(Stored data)
* * * * * * * * *

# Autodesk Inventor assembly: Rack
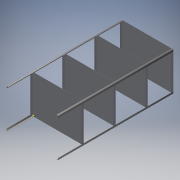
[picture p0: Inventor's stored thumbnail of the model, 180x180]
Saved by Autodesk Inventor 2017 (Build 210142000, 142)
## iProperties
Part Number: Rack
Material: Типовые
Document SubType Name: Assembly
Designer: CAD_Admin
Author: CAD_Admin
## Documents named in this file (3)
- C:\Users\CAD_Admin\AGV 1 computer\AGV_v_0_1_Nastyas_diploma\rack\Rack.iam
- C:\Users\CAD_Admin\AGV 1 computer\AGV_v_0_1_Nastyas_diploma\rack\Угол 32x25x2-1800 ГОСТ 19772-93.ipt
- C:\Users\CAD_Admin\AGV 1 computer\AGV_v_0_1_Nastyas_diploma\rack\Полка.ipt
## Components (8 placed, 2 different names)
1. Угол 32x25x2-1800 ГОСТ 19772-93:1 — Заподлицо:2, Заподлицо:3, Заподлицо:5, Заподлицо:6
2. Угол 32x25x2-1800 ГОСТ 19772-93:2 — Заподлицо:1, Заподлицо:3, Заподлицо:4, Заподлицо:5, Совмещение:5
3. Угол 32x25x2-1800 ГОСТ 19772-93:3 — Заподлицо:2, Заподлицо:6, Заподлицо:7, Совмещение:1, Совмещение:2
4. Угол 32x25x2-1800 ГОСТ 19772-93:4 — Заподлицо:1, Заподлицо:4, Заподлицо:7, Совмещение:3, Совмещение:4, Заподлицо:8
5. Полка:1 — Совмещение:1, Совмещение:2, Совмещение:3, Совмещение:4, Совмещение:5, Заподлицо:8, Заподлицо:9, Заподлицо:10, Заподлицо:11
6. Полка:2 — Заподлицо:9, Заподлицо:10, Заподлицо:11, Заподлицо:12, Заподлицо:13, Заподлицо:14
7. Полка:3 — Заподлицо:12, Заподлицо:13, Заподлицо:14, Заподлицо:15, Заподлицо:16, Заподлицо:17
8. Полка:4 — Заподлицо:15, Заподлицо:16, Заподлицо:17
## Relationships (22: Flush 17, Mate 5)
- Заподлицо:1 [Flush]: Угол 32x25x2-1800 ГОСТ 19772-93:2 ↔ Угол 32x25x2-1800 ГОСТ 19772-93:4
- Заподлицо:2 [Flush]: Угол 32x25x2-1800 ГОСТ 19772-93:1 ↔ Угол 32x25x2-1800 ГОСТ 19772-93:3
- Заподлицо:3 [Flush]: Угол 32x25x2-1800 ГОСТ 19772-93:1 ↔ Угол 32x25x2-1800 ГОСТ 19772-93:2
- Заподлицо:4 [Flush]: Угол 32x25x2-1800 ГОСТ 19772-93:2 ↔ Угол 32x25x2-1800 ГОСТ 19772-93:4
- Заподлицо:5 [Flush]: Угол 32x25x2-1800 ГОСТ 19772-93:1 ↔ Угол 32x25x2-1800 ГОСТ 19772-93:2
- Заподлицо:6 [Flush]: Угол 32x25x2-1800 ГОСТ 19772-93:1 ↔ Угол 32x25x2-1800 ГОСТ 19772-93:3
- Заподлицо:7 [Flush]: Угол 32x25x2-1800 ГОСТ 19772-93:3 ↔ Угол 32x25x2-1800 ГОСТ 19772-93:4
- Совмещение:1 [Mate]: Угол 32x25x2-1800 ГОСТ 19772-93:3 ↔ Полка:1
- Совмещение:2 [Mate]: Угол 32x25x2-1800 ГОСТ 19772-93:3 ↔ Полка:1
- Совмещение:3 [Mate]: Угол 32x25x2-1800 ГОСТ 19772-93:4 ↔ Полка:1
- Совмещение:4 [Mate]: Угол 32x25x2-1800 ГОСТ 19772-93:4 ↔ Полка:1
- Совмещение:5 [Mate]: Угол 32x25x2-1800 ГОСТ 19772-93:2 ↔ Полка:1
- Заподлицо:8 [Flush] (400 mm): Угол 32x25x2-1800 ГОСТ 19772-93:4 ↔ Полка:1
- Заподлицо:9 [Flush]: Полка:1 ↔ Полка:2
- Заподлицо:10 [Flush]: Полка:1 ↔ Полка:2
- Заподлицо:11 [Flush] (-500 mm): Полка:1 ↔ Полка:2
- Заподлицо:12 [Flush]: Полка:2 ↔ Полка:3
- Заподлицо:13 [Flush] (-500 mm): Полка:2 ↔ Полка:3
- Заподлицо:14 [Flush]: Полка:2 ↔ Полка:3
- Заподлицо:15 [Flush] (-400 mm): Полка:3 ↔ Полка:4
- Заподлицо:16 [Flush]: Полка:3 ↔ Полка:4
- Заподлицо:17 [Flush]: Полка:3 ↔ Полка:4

* * * * * * * * *

**PROMPT**. Wherever a line contains the string "Autodesk", copy that line from the data.

**EXPECTED ANSWER**.
# Autodesk Inventor assembly: Rack
Saved by Autodesk Inventor 2017 (Build 210142000, 142)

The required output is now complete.